# free for one week only



## vlau3 (May 4, 2011)

http://www.tanisfiberarts.com/blog/2014/8/lady-sunnyside

use code sunny


----------



## craftyladyvalerie (Mar 1, 2014)

Thank you


----------



## ladyofcamelot (Jun 19, 2011)

Thank you I just downloaded the pattern - love the cardigan


----------



## lorraine 55 (Aug 8, 2011)

Thank you for posting this, it is lovely!


----------



## StitchingFool (Jan 31, 2011)

Thank you. This is lovely.


----------



## maggieme (Jul 25, 2011)

I've printed it off. Is it ONLY one page or have I done something wrong? Thanks.


----------



## katyboom (Feb 27, 2013)

I could only download one page of the pattern... Page 3 ????


----------



## KathMK (Jul 18, 2014)

To get the free copy. I went to the Ravelry website and entered Sunnyside in the pattern searcher.

The cardigan is on the top line shown.

Clicked on the picture of the cardigan -

The cost of the pattern is shown in dollars.

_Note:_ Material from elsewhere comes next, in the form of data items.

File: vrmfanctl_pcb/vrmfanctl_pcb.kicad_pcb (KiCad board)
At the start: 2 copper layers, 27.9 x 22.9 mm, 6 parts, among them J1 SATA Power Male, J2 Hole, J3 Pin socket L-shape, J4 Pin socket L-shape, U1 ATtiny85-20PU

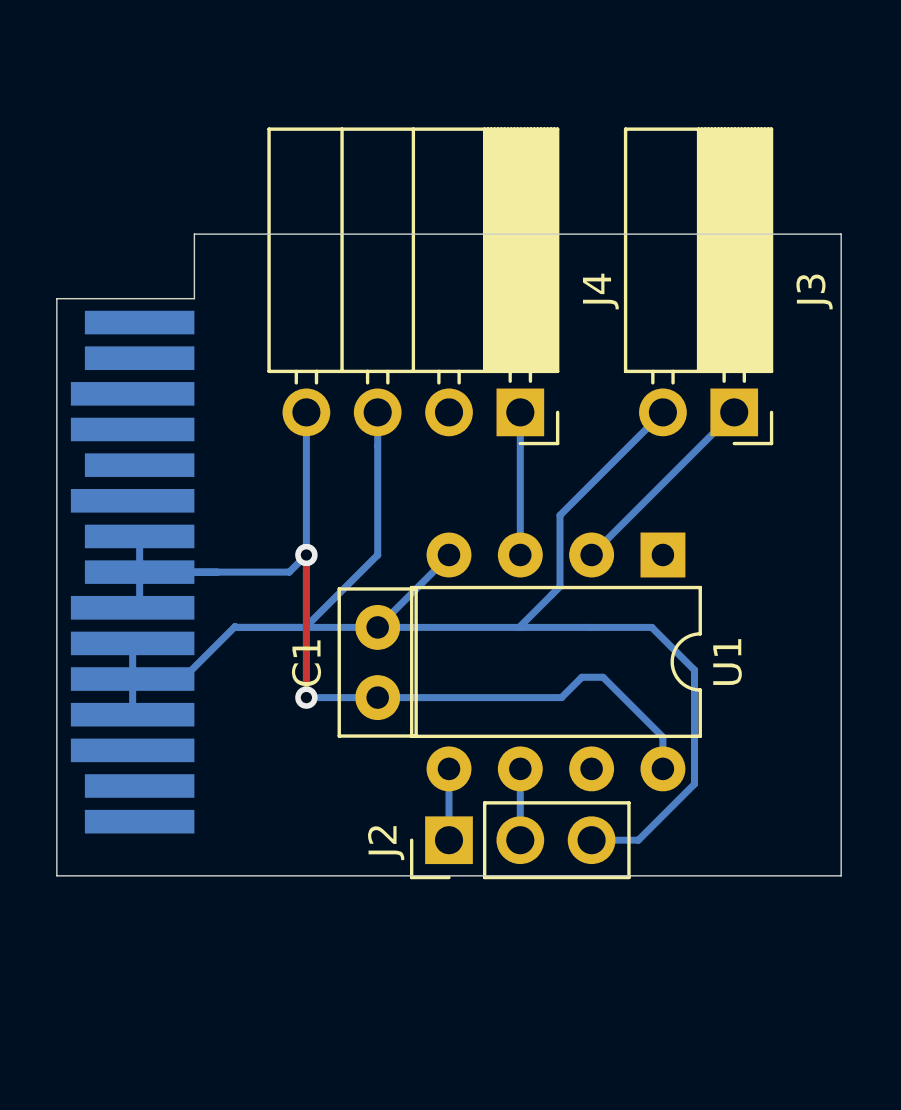
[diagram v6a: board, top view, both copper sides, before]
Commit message: add reset pin to the header
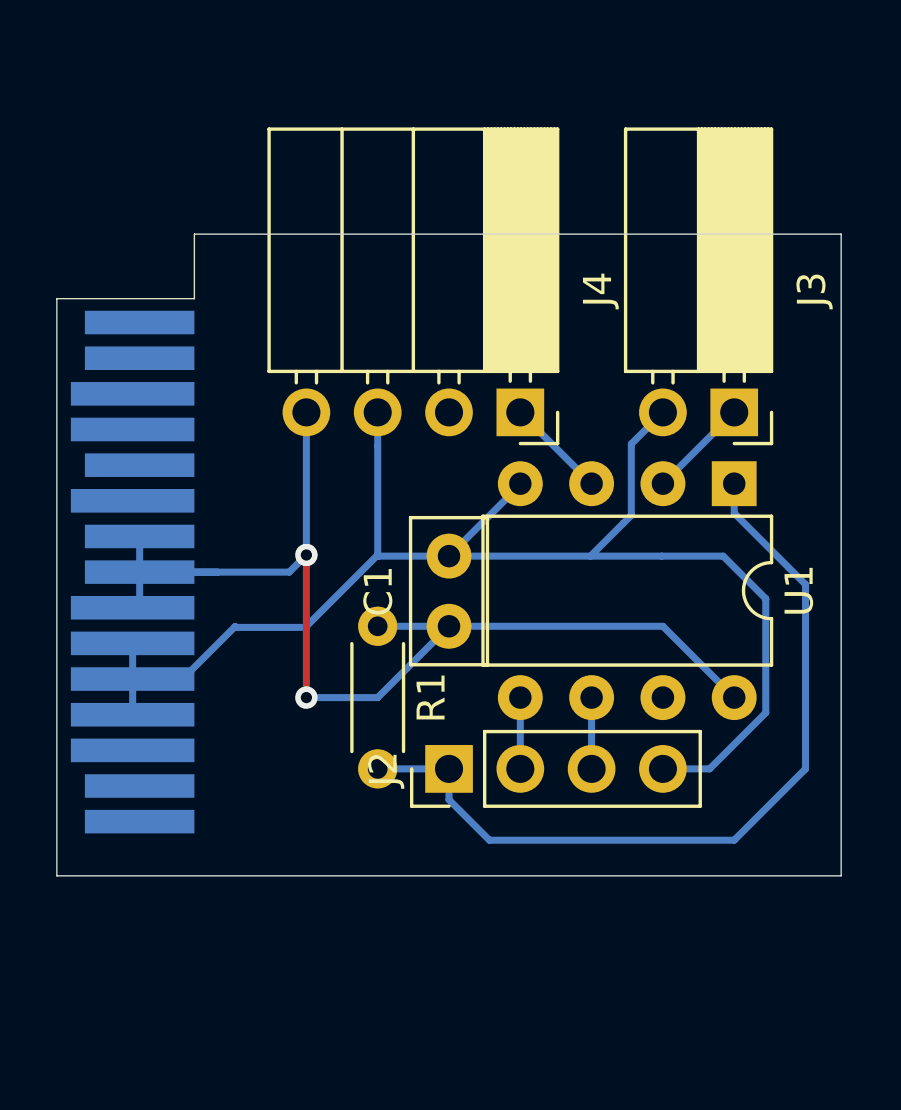
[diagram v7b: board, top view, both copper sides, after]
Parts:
- added R1: 4.7k, Resistor_THT:R_Axial_DIN0204_L3.6mm_D1.6mm_P5.08mm_Horizontal, F.Cu at (48.3, 53.3)
- J2: footprint Connector_PinHeader_2.54mm:PinHeader_1x03_P2.54mm_Vertical -> Connector_PinHeader_2.54mm:PinHeader_1x04_P2.54mm_Vertical
- moved C1 3.59 mm to (50.8, 53.3)
- moved U1 3.59 mm to (61.0, 48.3)
- moved J2 2.54 mm to (50.8, 58.4)
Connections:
- J1 pad 1: Net-(J1-Pad1) -> (no net)
- J1 pad 10: Net-(J1-Pad10) -> (no net)
- J1 pad 11: Net-(J1-Pad11) -> (no net)
- J1 pad 12: Net-(J1-Pad12) -> (no net)
- J1 pad 13: Net-(J1-Pad13) -> (no net)
- J1 pad 14: Net-(J1-Pad14) -> (no net)
- J1 pad 15: Net-(J1-Pad15) -> (no net)
- J1 pad 2: Net-(J1-Pad2) -> (no net)
- J1 pad 3: Net-(J1-Pad3) -> (no net)
- J2 pad 1: /TX -> /RESET
- J2 pad 2: /RX -> /TX
- J2 pad 3: GND -> /RX
- J4 pad 2: Net-(J4-Pad2) -> (no net)
- U1 pad 1: Net-(U1-Pad1) -> /RESET
- U1 pad 7: Net-(U1-Pad7) -> (no net)
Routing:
- net /RESET: track 0.00 -> 29.2 mm
- net GND: track 58.9 -> 52.8 mm
- net VCC: track 38.3 -> 43.2 mm
- net /D+: track 7.18 -> 3.59 mm
- net /PWM: track 5.08 -> 3.59 mm

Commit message: rewrite firmware and update pcb
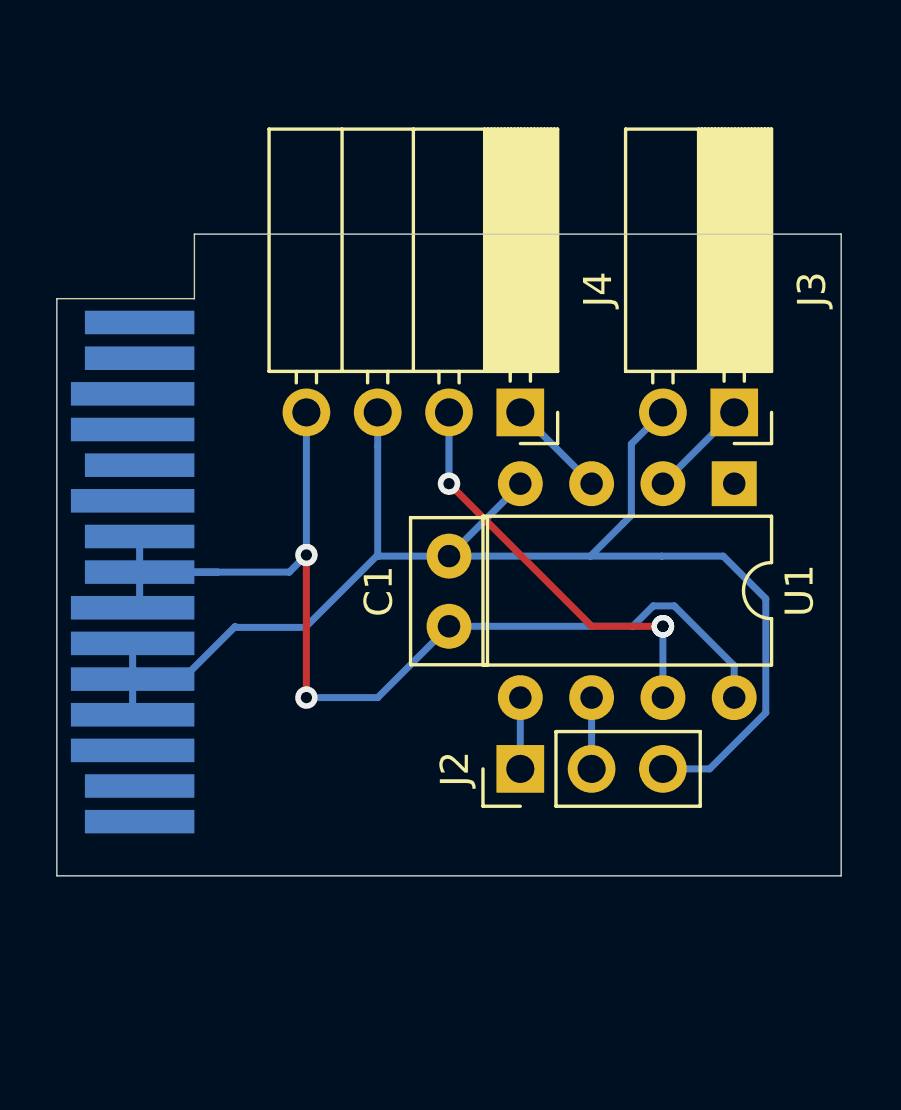
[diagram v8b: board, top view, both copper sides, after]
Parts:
- removed R1: 4.7k, Resistor_THT:R_Axial_DIN0204_L3.6mm_D1.6mm_P5.08mm_Horizontal
- J2: value Hole -> Through Hole; footprint Connector_PinHeader_2.54mm:PinHeader_1x04_P2.54mm_Vertical -> Connector_PinHeader_2.54mm:PinHeader_1x03_P2.54mm_Vertical
- moved J2 2.54 mm to (53.3, 58.4)
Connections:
- J2 pad 1: /RESET -> /TX
- J2 pad 2: /TX -> /RX
- J2 pad 3: /RX -> GND
- J4 pad 2: (no net) -> /FG
- U1 pad 1: /RESET -> (no net)
- U1 pad 7: (no net) -> /FG
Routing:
- net /RESET: track 29.2 -> 0.00 mm
- net /FG: track 0.00 -> 14.8 mm, vias 0 -> 3
- net VCC: track 43.2 -> 41.9 mm

Click to buy and enter the word SUNNY in capital letters in the space for "coupon".

Click on the word Apply - the price changes to $0-00.

Click to buy and you are sent to a page where you click on the word DOWNLOAD and the request if you want to open or save the file appears.

Click on SAVE - the word Open disappears 

Just wait while the file downloads to your Downloads file.

The word OPEN will reappear. Click on OPEN and the file will open from your Downloads folder and you will see the complete pattern.


----------



## craftyladyvalerie (Mar 1, 2014)

I got all three pages - I went to the Revelry website and it downloaded fine. Hope you can get the pattern OK.


----------



## KathMK (Jul 18, 2014)

I will give you a tip.

I found my downloads folder and created a shortcut which appears on my desktop.

When I have downloaded a file I click on the short cut and the file opens on my desktop.

I look through the files to find the right one - sometimes they have names that are not obvious.

Click on the file and hold the button down and drag the folder on to your desktop. You can click once to highlight the name of the file (background is a light blue colour on my laptop) - a right click on your mouse will give you the chance to choose RENAME and you can name the file what you want but make sure you leave the dot and file type at the end alone.

I then click on the icon for my computer and create a new folder - that you will remember the title of and open the new folder and drag the downloaded (renamed) file into the new folder.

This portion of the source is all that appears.